**EXERCISE:** Find the word "units" in the data. Return every line where it appears.

**MATERIAL FOR THIS EXERCISE:**
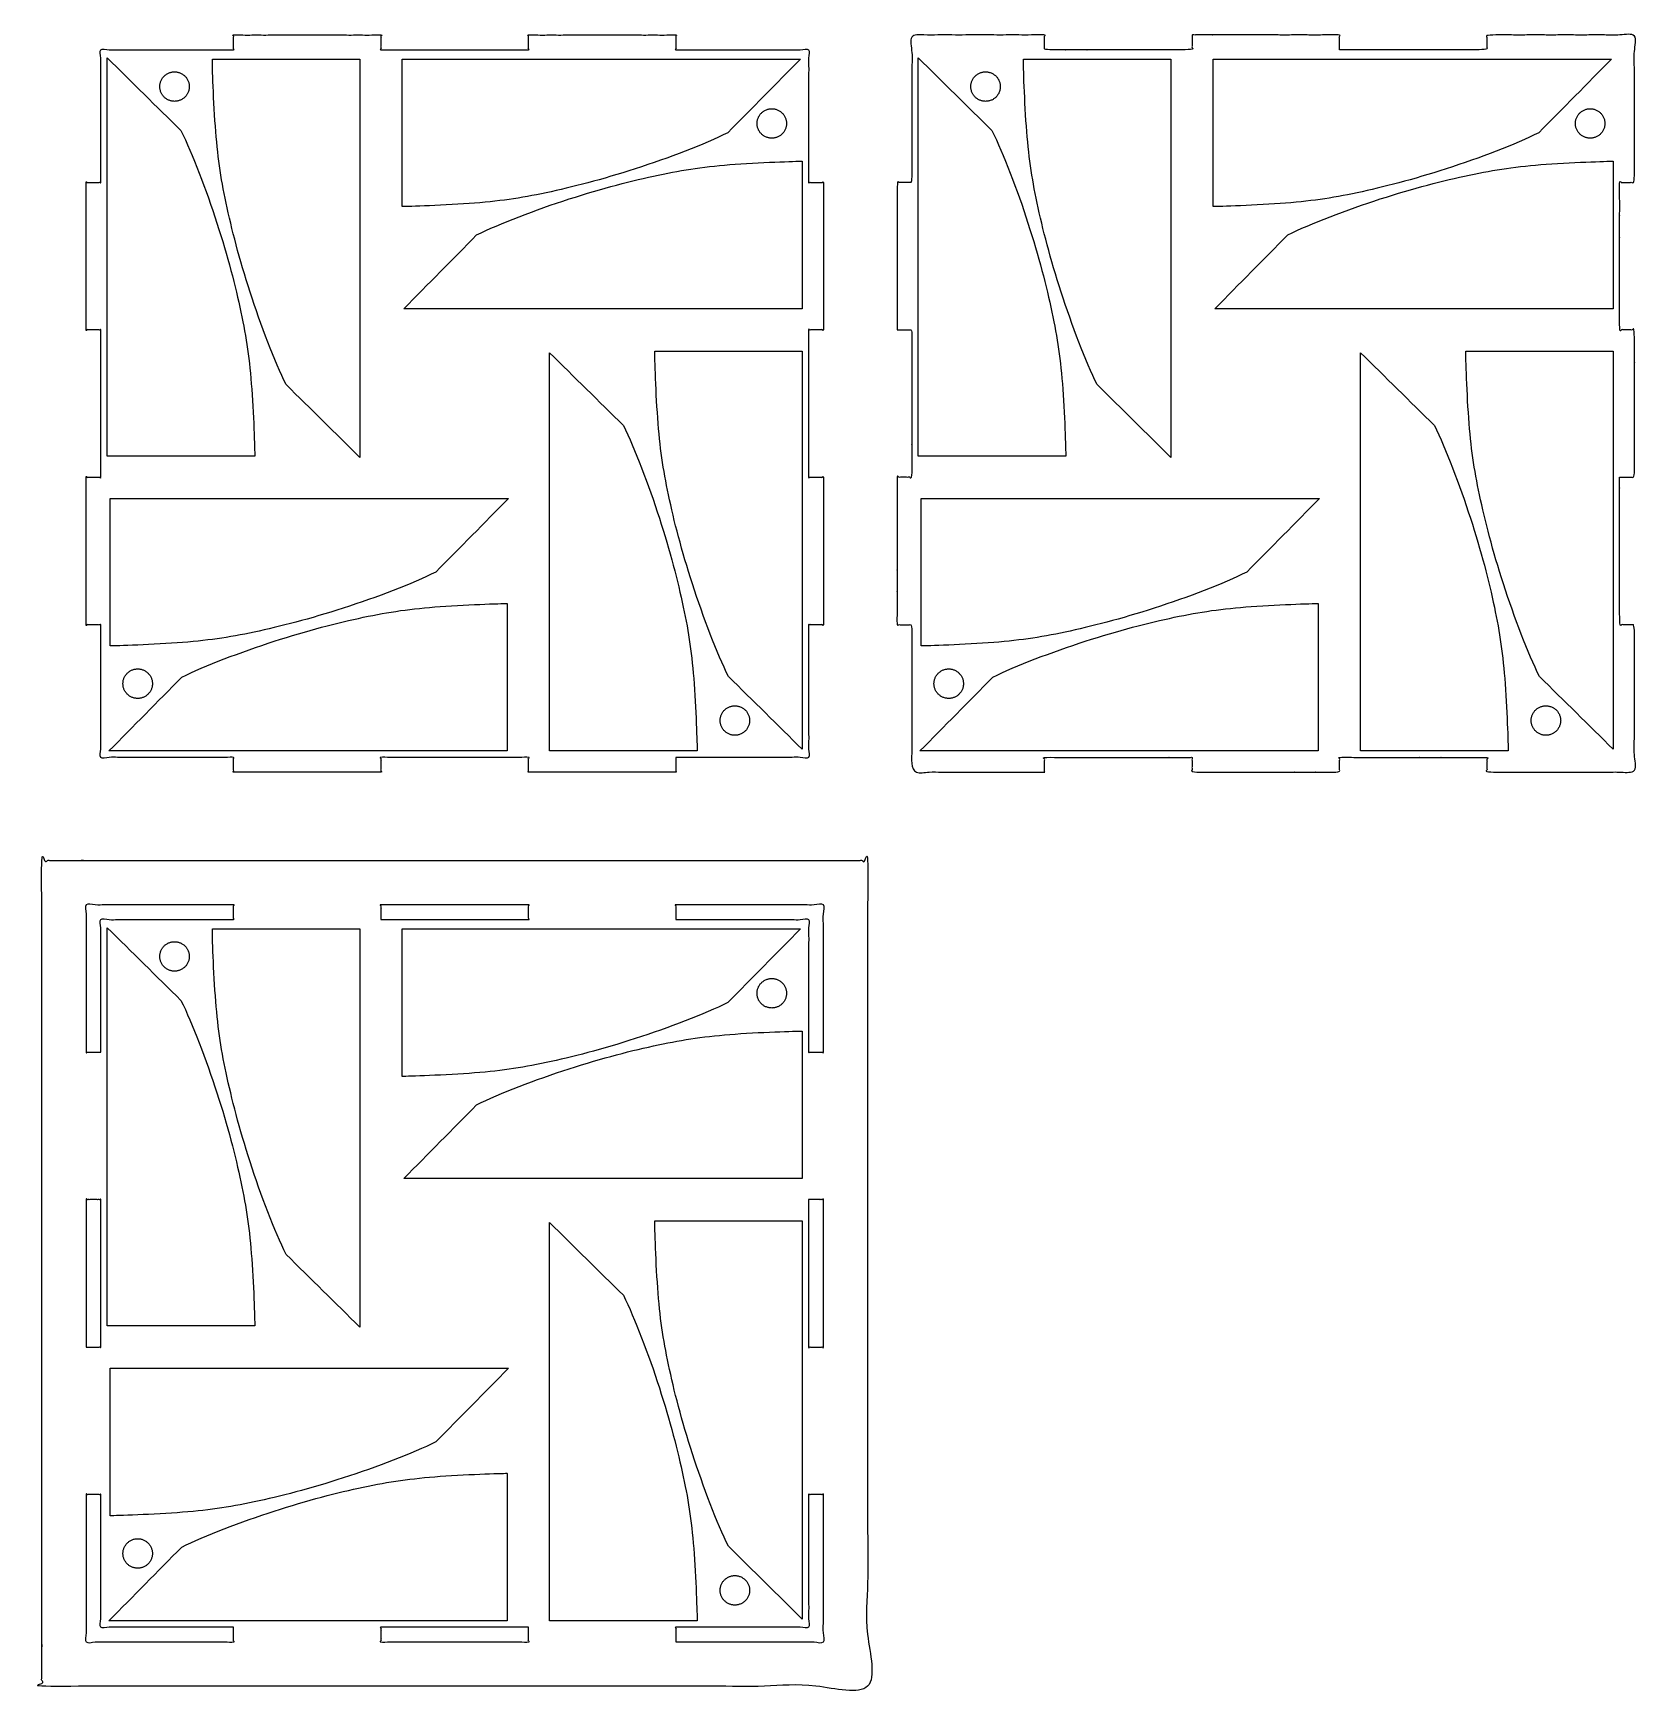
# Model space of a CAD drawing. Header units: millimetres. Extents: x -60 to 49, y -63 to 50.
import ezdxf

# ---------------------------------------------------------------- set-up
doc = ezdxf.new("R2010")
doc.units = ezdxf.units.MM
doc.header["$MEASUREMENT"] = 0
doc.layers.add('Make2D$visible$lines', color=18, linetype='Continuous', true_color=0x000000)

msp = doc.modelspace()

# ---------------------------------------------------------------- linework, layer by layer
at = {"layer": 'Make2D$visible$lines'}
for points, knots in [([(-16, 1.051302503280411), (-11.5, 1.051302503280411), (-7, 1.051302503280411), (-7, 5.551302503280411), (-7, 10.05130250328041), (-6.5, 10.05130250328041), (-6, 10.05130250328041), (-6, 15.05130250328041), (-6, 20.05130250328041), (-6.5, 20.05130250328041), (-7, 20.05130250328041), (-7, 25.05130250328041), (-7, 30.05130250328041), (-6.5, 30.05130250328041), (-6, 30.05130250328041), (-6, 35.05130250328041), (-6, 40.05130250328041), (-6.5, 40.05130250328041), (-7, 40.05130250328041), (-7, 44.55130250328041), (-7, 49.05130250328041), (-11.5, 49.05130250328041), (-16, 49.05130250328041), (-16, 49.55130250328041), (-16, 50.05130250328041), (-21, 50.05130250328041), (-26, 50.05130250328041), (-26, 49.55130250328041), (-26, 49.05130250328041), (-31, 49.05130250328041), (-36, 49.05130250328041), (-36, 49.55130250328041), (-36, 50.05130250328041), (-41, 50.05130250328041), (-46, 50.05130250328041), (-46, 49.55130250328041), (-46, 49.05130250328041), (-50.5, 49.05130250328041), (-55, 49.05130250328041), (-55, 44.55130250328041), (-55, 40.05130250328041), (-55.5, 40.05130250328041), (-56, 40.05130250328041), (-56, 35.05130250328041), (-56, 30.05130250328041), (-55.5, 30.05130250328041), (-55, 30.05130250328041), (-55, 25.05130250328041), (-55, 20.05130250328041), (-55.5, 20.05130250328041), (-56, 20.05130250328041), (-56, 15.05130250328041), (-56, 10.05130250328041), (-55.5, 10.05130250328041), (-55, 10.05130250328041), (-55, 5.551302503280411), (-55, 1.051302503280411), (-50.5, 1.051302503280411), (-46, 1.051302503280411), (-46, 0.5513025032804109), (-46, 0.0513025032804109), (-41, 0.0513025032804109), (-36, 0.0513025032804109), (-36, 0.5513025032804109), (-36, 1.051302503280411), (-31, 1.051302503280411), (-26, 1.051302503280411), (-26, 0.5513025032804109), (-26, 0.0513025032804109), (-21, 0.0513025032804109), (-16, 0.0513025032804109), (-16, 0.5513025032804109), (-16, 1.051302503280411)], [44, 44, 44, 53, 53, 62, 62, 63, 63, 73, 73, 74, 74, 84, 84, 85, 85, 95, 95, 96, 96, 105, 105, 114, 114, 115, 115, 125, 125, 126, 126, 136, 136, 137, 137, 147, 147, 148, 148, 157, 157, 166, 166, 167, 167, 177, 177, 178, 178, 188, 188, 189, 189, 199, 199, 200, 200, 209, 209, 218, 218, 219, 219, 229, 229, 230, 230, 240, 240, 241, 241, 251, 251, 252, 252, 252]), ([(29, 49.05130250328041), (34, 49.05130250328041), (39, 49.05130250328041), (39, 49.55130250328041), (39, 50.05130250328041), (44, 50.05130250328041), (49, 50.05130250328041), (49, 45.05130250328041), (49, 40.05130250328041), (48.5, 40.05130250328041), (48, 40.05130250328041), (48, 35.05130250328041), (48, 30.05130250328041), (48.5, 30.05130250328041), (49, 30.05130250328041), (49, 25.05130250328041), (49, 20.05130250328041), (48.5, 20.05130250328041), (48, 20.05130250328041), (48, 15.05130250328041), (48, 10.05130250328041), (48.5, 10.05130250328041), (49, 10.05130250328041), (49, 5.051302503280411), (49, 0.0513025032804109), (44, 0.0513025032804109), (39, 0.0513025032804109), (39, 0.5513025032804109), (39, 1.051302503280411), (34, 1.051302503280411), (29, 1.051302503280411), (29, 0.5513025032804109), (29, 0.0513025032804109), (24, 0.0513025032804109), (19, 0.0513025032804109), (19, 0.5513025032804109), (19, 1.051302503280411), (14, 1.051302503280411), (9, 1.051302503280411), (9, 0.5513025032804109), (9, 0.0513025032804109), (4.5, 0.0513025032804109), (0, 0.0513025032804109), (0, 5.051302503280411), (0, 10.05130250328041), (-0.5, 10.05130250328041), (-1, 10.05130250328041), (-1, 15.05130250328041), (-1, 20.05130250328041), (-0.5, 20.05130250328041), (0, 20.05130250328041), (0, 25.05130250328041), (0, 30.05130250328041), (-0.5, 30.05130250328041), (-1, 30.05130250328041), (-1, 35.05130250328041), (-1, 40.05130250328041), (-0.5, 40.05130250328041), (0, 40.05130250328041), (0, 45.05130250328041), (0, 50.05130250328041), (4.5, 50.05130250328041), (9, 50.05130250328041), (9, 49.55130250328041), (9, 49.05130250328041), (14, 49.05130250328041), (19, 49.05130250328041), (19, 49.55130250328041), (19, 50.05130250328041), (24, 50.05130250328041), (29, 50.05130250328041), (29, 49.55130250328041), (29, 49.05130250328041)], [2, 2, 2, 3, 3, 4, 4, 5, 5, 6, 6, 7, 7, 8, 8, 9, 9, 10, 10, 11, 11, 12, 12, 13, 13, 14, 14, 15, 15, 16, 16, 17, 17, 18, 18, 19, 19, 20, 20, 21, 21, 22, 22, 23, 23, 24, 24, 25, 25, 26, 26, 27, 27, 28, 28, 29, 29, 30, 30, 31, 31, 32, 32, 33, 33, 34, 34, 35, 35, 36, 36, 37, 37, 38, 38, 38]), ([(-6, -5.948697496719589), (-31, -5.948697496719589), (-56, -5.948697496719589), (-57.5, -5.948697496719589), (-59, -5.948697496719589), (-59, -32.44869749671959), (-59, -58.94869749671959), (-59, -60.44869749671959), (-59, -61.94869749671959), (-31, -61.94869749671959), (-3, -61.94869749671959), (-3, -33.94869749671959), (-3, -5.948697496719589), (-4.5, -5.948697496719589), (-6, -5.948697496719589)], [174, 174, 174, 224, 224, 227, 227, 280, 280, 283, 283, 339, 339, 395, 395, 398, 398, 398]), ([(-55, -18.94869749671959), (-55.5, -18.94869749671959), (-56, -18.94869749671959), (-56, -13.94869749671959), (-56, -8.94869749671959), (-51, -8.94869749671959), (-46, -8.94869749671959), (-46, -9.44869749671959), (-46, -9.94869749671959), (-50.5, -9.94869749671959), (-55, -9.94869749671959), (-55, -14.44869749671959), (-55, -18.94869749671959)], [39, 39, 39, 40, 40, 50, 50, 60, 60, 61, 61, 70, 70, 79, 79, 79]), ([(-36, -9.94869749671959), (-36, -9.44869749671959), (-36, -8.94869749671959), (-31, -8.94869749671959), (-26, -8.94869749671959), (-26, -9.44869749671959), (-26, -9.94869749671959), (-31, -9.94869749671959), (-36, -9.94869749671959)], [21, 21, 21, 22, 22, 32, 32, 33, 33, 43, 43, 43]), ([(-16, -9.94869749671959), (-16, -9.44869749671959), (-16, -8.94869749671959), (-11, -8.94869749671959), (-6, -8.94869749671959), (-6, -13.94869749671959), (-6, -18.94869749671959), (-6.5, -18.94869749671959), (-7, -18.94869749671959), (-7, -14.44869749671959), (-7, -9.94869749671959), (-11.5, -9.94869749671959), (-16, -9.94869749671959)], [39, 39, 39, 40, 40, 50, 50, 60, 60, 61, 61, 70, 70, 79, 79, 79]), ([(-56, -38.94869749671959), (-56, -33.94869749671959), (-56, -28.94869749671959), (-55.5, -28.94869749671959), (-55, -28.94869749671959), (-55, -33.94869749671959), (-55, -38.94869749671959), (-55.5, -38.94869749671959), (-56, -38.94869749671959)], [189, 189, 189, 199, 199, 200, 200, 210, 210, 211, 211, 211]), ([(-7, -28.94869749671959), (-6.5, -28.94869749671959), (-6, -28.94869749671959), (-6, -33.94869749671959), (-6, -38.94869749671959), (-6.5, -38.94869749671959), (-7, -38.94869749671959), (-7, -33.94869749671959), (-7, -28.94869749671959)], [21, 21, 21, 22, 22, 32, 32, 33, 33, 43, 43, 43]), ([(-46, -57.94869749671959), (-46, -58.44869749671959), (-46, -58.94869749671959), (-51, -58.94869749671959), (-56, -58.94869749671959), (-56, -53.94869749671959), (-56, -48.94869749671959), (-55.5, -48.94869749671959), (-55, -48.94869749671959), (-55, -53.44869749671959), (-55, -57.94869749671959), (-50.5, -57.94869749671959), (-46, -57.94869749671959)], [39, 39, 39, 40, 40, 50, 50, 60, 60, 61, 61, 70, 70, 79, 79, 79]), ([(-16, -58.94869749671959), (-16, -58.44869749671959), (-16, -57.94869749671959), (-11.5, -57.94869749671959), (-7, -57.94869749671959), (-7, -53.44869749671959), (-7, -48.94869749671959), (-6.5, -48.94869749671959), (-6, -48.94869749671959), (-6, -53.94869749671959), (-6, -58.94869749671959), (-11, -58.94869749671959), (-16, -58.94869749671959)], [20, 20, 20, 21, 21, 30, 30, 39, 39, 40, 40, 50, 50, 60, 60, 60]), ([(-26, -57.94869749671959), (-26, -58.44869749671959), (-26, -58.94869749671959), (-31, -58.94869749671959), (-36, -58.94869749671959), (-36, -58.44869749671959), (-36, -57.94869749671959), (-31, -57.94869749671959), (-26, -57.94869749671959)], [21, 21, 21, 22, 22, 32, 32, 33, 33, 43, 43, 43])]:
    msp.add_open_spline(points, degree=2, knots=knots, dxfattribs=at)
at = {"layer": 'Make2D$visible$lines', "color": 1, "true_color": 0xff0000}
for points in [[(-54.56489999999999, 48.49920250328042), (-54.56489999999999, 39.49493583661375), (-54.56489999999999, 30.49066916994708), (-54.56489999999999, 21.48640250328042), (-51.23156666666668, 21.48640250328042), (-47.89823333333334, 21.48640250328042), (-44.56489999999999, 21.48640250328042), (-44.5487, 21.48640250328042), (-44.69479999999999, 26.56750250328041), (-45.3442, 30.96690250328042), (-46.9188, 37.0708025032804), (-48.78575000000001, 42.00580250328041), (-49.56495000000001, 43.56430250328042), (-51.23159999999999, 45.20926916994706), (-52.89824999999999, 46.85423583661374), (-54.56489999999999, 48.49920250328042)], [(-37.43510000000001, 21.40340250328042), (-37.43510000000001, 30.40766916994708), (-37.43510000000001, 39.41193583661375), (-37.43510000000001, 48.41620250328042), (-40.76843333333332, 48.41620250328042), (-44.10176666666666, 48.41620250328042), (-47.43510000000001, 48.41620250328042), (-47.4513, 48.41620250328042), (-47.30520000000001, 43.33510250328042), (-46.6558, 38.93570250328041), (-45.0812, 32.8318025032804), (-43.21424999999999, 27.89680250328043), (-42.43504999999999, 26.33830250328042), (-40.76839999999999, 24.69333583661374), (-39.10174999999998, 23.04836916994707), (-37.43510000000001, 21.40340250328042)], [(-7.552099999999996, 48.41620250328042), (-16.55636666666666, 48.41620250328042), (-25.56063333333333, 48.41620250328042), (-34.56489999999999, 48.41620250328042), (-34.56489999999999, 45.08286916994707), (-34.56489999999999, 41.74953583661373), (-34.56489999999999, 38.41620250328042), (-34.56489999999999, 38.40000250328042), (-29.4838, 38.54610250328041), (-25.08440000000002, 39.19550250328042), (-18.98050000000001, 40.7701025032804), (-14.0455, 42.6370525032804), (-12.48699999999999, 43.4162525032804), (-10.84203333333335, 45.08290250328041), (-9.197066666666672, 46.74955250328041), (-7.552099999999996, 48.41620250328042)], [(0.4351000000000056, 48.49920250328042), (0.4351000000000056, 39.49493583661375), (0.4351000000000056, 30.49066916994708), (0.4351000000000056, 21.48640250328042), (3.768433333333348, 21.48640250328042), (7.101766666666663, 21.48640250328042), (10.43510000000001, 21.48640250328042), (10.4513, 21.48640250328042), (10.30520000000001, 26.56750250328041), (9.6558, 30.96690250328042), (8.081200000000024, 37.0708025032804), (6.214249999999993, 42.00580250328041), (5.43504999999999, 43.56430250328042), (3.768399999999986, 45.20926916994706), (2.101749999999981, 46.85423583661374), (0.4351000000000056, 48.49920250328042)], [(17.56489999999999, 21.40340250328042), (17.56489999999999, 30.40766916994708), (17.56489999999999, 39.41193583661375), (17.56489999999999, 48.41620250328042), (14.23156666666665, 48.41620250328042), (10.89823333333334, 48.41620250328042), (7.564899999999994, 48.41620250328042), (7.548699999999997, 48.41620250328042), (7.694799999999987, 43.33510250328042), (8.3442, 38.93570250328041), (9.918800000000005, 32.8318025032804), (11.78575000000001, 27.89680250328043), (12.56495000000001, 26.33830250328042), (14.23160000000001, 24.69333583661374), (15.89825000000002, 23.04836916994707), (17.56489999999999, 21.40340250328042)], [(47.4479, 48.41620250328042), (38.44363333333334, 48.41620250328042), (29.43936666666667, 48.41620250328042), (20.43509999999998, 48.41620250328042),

**ANSWER BOX:**
# Model space of a CAD drawing. Header units: millimetres. Extents: x -60 to 49, y -63 to 50.
doc.units = ezdxf.units.MM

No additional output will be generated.